PROMPT — Which lines of the entries below contain the string "import"? Copy each one.

[Saved data entries]

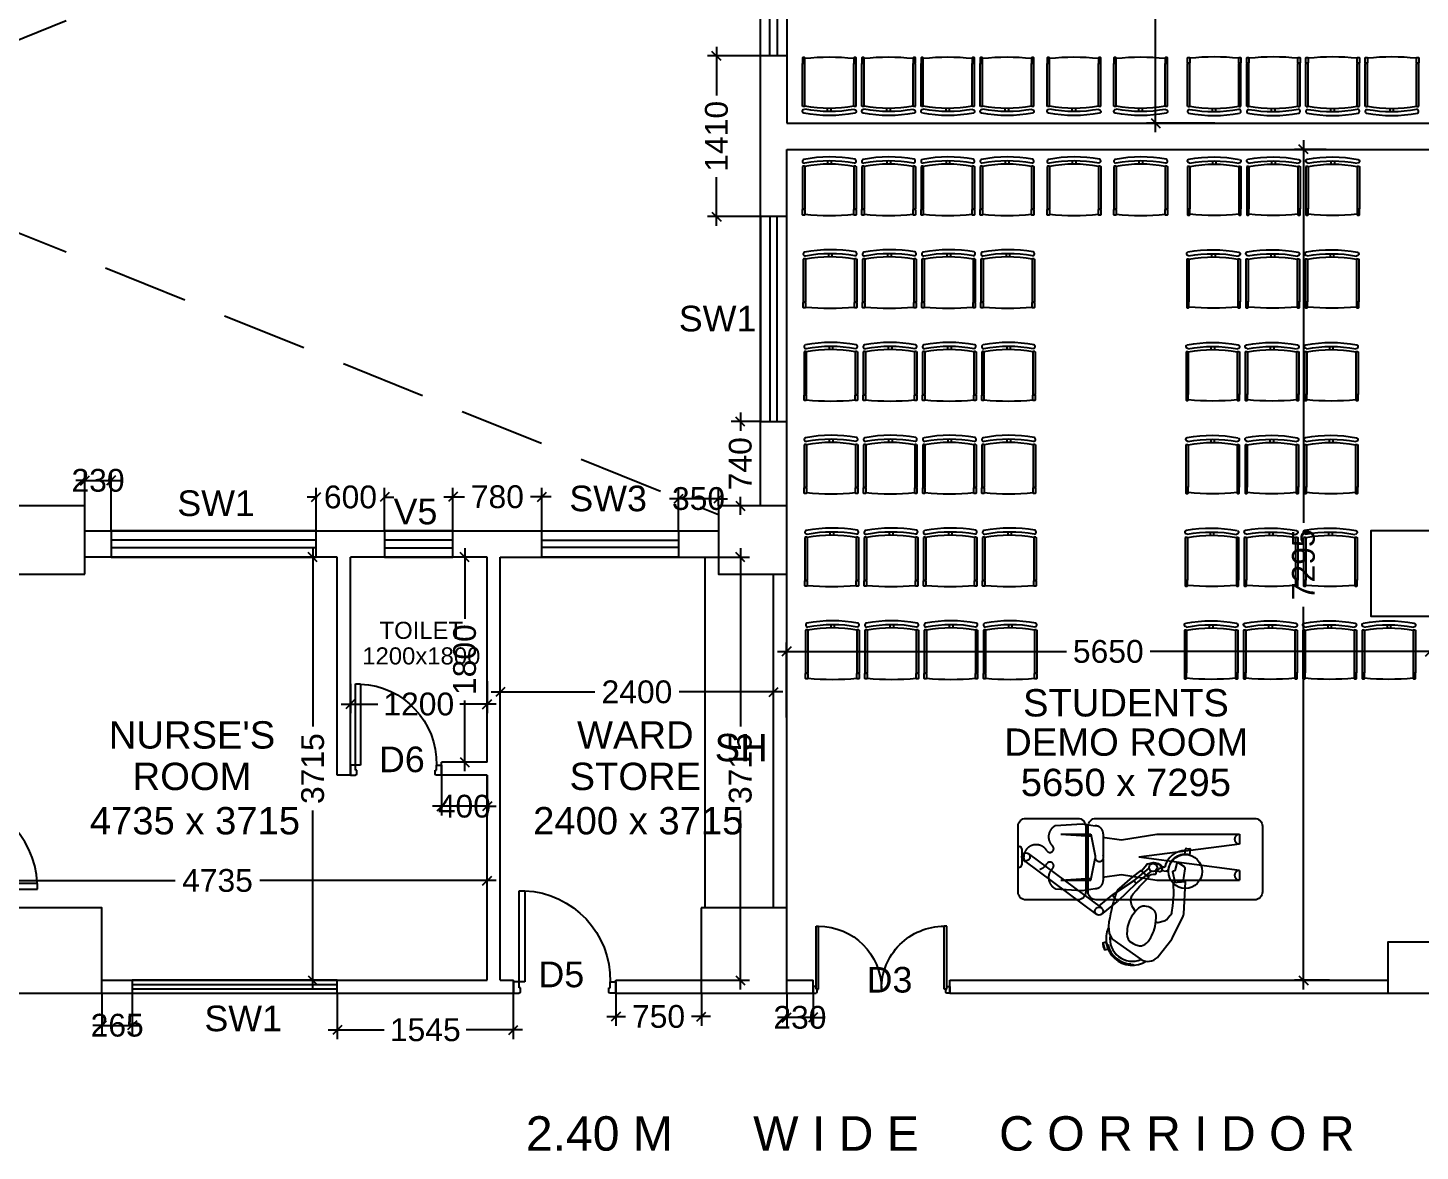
# Model space of a CAD drawing. Extents: x 7620542 to 7843793, y -6476226 to -6093835.
# Drawn here: x 7738759 to 7750982, y -6404856 to -6394993 of the extents above; entities that cross this region are included whole.
import ezdxf
from ezdxf.enums import TextEntityAlignment as Align

# ---------------------------------------------------------------- set-up
doc = ezdxf.new("R2010")
doc.units = 0
doc.header["$LTSCALE"] = 600
doc.header["$MEASUREMENT"] = 0
doc.header["$PDMODE"] = 35
doc.linetypes.add('DASHED', pattern=[0.75, 0.5, -0.25])
doc.linetypes.add('HIDDEN2', pattern=[0.1875, 0.125, -0.0625])
doc.layers.get('0').update_dxf_attribs({"linetype": 'CONTINUOUS'})
doc.layers.get('Defpoints').update_dxf_attribs({"linetype": 'CONTINUOUS'})
for name, color, linetype in [('DOOR', 32, 'CONTINUOUS'), ('Duct', 8, 'CONTINUOUS'), ('floor hat', 9, 'CONTINUOUS'), ('furniture', 33, 'CONTINUOUS'), ('joinery', 7, 'CONTINUOUS'), ('LA-column', 3, 'CONTINUOUS'), ('PARTI', 21, 'CONTINUOUS'), ('Room Dim', 1, 'CONTINUOUS'), ('Shleves', 7, 'CONTINUOUS'), ('TEXT', 6, 'CONTINUOUS'), ('TXT', 6, 'CONTINUOUS'), ('Walls', 7, 'CONTINUOUS'), ('WIN', 151, 'CONTINUOUS'), ('Working Dim', 5, 'CONTINUOUS')]:
    doc.layers.add(name, color=color, linetype=linetype)
doc.styles.add('ari', font='arial.ttf')
doc.styles.add('ARIAL', font='arial.ttf')
doc.dimstyles.new('int. dim', dxfattribs={"dimtxt": 450, "dimasz": 80, "dimexe": 80, "dimexo": 0, "dimgap": 70, "dimtad": 0, "dimdec": 0, "dimzin": 12, "dimdsep": 46, "dimtxsty": 'ari', "dimblk": 'OBLIQUE', "dimcen": 2, "dimdle": 80, "dimclrd": 256, "dimclre": 256, "dimclrt": 6, "dimadec": 0, "dimazin": 0, "dimtfac": 1, "dimtdec": 0, "dimtix": 1, "dimtmove": 2, "dimatfit": 3, "dimfxl": 1, "dimtolj": 1, "dimtzin": 0, "dimlwd": -1, "dimlwe": -1, "dimarcsym": 0})

# ---------------------------------------------------------------- blocks, each defined once
blk = doc.blocks.new('Z$W@#1275')
at = {"layer": 'DOOR'}
for p, q in [((73, 1500), (0, 1500)), ((0, 1500), (0, 1467)), ((0, 1467), (2, 1467)), ((11, 1456), (11, 1458)), ((11, 1456), (47, 1456)), ((47, 1467), (736, 1467)), ((47, 1467), (47, 1439)), ((47, 1456), (47, 1467)), ((47, 1467), (73, 1467)), ((47, 1439), (736, 1439)), ((73, 1467), (73, 1500)), ((736, 1467), (736, 1439)), ((0, 33), (2, 33)), ((0, 0), (0, 33)), ((73, 0), (0, 0)), ((11, 44), (11, 42)), ((11, 44), (47, 44)), ((47, 61), (736, 61)), ((47, 33), (47, 61)), ((47, 44), (47, 33)), ((47, 33), (736, 33)), ((47, 33), (73, 33)), ((73, 33), (73, 0)), ((736, 33), (736, 61))]:
    blk.add_line(p, q, dxfattribs=at)
for centre, start, end in [((11, 1467), 180, 270), ((11, 33), 90, 180)]:
    blk.add_arc(centre, 9.13, start, end, dxfattribs=at)
at = {"layer": 'DOOR', "color": 145}
for centre, start, end in [((47, 1439), 270, 0), ((47, 61), 0, 90)]:
    blk.add_arc(centre, 689, start, end, dxfattribs=at)
blk = doc.blocks.new('A$C32852038')
at = {"layer": 'furniture', "color": 8}
for p, q in [((-232, -54), (-235, -57)), ((-235, -431), (-235, -57)), ((-232, -54), (-218, -54)), ((-215, -57), (-218, -54)), ((-215, -431), (-215, -57)), ((218, -54), (215, -57)), ((215, -431), (215, -57)), ((218, -54), (232, -54)), ((235, -57), (232, -54)), ((235, -431), (235, -57)), ((-232, -434), (-235, -431)), ((-232, -434), (-218, -434)), ((-218, -434), (-215, -431)), ((-16, -479), (-16, -451)), ((15, -479), (15, -451)), ((218, -434), (215, -431)), ((218, -434), (232, -434)), ((232, -434), (235, -431))]:
    blk.add_line(p, q, dxfattribs=at)
for points in [[(-235, -51), (-235, -7), (-232, -4), (-218, -4), (-215, -7), (-215, -51), (-218, -54), (-232, -54)], [(215, -51), (215, -7), (218, -4), (232, -4), (235, -7), (235, -51), (232, -54), (218, -54)]]:
    blk.add_lwpolyline(points, close=True, dxfattribs=at)
for centre, radius, start, end in [((0, -2192), 2192, 84.37, 95.63), ((-217, -478), 18, 89.4431, 247.6466), ((-5, 699), 1178, 259.5839, 280.8292), ((0, 693), 1144, 259.1657, 280.8343), ((217, -476), 18, 292.3534, 90.5569), ((-5, 699), 1213, 259.5771, 280.848)]:
    blk.add_arc(centre, radius, start, end, dxfattribs=at)
blk = doc.blocks.new('A$C273B71EE')
at = {"layer": 'floor hat', "ltscale": 0.75}
blk.add_line((1370, -182), (1370, -200), dxfattribs=at)
at = {"layer": 'furniture', "color": 8}
for p, q in [((1019, 848), (1079, 845)), ((1050, 837), (1050, 847)), ((1233, 682), (1243, 684)), ((1258, 725), (1234, 719)), ((1248, 661), (1234, 719)), ((1272, 667), (1258, 725)), ((1272, 667), (1248, 661))]:
    blk.add_line(p, q, dxfattribs=at)
at = {"layer": 'furniture'}
for p, q in [((1008, 196), (1157, 339)), ((1283, 442), (1157, 339)), ((1157, 339), (1198, 289)), ((1305, 376), (1198, 289)), ((1868, -44), (1284, 390)), ((1907, 8), (1323, 442)), ((1027, 173), (1198, 289)), ((843, 168), (183, 168)), ((1008, 196), (885, 96)), ((1027, 173), (904, 72)), ((1008, 196), (1027, 173)), ((183, 90), (987, -15)), ((802, 90), (768, 95)), ((799, 60), (779, 63)), ((819, 46), (851, 42)), ((826, 99), (858, 95)), ((1920, -83), (1920, 47)), ((1950, 64), (1937, 64)), ((183, -120), (987, -15)), ((578, -33), (573, -74)), ((605, -85), (579, -82)), ((618, -38), (613, -79)), ((1950, -101), (1937, -101)), ((843, -198), (183, -198))]:
    blk.add_line(p, q, dxfattribs=at)
at = {"layer": 'furniture', "linetype": 'DASHED'}
for p, q in [((1437, 251), (1333, 235)), ((1651, 236), (1437, 251)), ((183, 90), (183, 168)), ((1125, 124), (843, 168)), ((1275, 145), (1125, 124)), ((1270, 0), (1270, 172)), ((1369, 169), (1333, -4)), ((1607, 169), (1365, 151)), ((1607, 169), (1369, 169)), ((1270, -203), (1270, -30)), ((1369, -200), (1333, -26)), ((183, -198), (183, -120)), ((1125, -155), (843, -198)), ((1275, -176), (1125, -155)), ((1607, -200), (1365, -182)), ((1607, -200), (1369, -200)), ((1437, -282), (1333, -265)), ((1651, -267), (1437, -282))]:
    blk.add_line(p, q, dxfattribs=at)
at = {"layer": 'furniture', "color": 8}
for points in [[(1012, 417), (1030, 389), (1041, 370), (1047, 349, -0.246109), (1030, 277), (1028, 275), (1008, 250), (981, 219), (955, 191), (924, 162), (905, 144), (970, 90, 0.025572), (1143, 234, 0.12826), (1170, 277, 0.043408), (1229, 535), (1223, 590), (1200, 637), (968, 802, 0.327906), (838, 786), (831, 777), (722, 638, 0.054318), (716, 629), (633, 456, 0.097498), (628, 437), (613, 182), (711, 189), (709, 285), (716, 372), (724, 425, -0.141399), (735, 451), (758, 478, -0.153306), (783, 494), (834, 508), (851, 503)], [(1035, 444, 0.128062), (1080, 573, 0.215717), (1058, 658), (1031, 674), (1011, 683), (981, 691, 0.242433), (925, 671, 0.136513), (856, 538), (847, 470, 0.297129), (883, 393, 0.138986), (938, 376, 0.105167), (970, 381), (989, 392), (1006, 409), (1035, 444)], [(697, 187), (715, 101, -0.445833), (710, 95), (708, 94, 0.30427), (694, 82), (679, 33, -0.509983), (670, 29), (625, 60, -0.292523), (618, 77), (635, 183)], [(965, 94), (922, 42, -0.166504), (914, 37), (872, 27, -0.116666), (866, 27), (829, 36, -0.181583), (820, 42), (805, 63, -0.566275), (809, 71, 0.372711), (852, 119, -0.458371), (857, 124, 0.210622), (913, 138)]]:
    blk.add_lwpolyline(points, format="xyb", dxfattribs=at)
at = {"layer": 'furniture'}
for points in [[(0, -263), (0, 262, -0.414214), (63, 325), (1328, 325, -0.414214), (1390, 262), (1390, -263, -0.414214), (1328, -325), (63, -325, -0.414214)], [(1950, -263, -0.414214), (1887, -325), (1473, -325, -0.414214), (1410, -263), (1410, 262, -0.414214), (1473, 325), (1887, 325, -0.414214), (1950, 262)]]:
    blk.add_lwpolyline(points, format="xyb", close=True, dxfattribs=at)
for centre, radius in [((1304, 416), 32.5), ((615, 99), 135), ((872, 66), 32.1), ((1887, -18), 32.5)]:
    blk.add_circle(centre, radius, dxfattribs=at)
at = {"layer": 'furniture', "color": 8}
for centre, radius, start, end in [((1038, 637), 210, 334.6212, 121.9546), ((1038, 637), 178, 351.2666, 112.7428), ((1054, 934), 92.5, 248.1415, 285.9908), ((1038, 637), 200, 12.904, 86.666), ((1326, 711), 92.5, 174.8124, 212.6617), ((1180, 675), 92.5, 354.8124, 32.6617)]:
    blk.add_arc(centre, radius, start, end, dxfattribs=at)
at = {"layer": 'furniture', "linetype": 'DASHED'}
for centre, radius, start, end in [((1333, 172), 62.5, 90, 180), ((1607, 147), 99.3, 318.5116, 63.4892), ((183, 129), 38.4, 270, 90), ((1301, -15), 33.9, 340.2375, 205.9253), ((1695, 53), 29.7, 150.8997, 319.9563), ((1709, 45), 46.3, 127.5254, 151.0495), ((1805, -15), 100, 209.3037, 150.6963), ((1607, -178), 99.3, 296.5108, 48.4696), ((1695, -83), 29.7, 40.0437, 209.1003), ((1709, -75), 46.3, 208.9505, 232.4746), ((183, -159), 38.4, 270, 90), ((1333, -203), 62.5, 180, 270)]:
    blk.add_arc(centre, radius, start, end, dxfattribs=at)
at = {"layer": 'furniture'}
for centre, radius, start, end in [((615, 99), 137, 254.3642, 352.7402), ((615, 99), 167, 269.6062, 347.5962), ((766, 80), 15, 82.7402, 172.7402), ((822, 73), 26.6, 82.7402, 262.7402), ((1937, 47), 17.2, 90, 180), ((580, -75), 7.13, 172.7402, 262.7402), ((606, -78), 7.13, 262.7402, 352.7402), ((1937, -83), 17.2, 180, 270)]:
    blk.add_arc(centre, radius, start, end, dxfattribs=at)
blk = doc.blocks.new('1000')
at = {"layer": 'DOOR'}
for p, q in [((0, -100), (0, 0)), ((0, 0), (50, 0)), ((50, -100), (0, -100)), ((50, 0), (50, -2)), ((63, -49), (50, -49)), ((50, -49), (50, -100)), ((50, -100), (50, -901)), ((100, -100), (50, -100)), ((63, -13), (61, -13)), ((63, -13), (63, -49)), ((100, -901), (100, -100)), ((837, -13), (837, -49)), ((837, -13), (839, -13)), ((837, -49), (850, -49)), ((850, 0), (850, -2)), ((900, 0), (850, 0)), ((850, -49), (850, -100)), ((850, -100), (900, -100)), ((900, -100), (900, 0)), ((50, -901), (100, -901))]:
    blk.add_line(p, q, dxfattribs=at)
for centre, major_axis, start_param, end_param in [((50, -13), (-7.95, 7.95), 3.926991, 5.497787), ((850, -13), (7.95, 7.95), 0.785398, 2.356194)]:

TASK RESPONSE —
import ezdxf
from ezdxf.enums import TextEntityAlignment as Align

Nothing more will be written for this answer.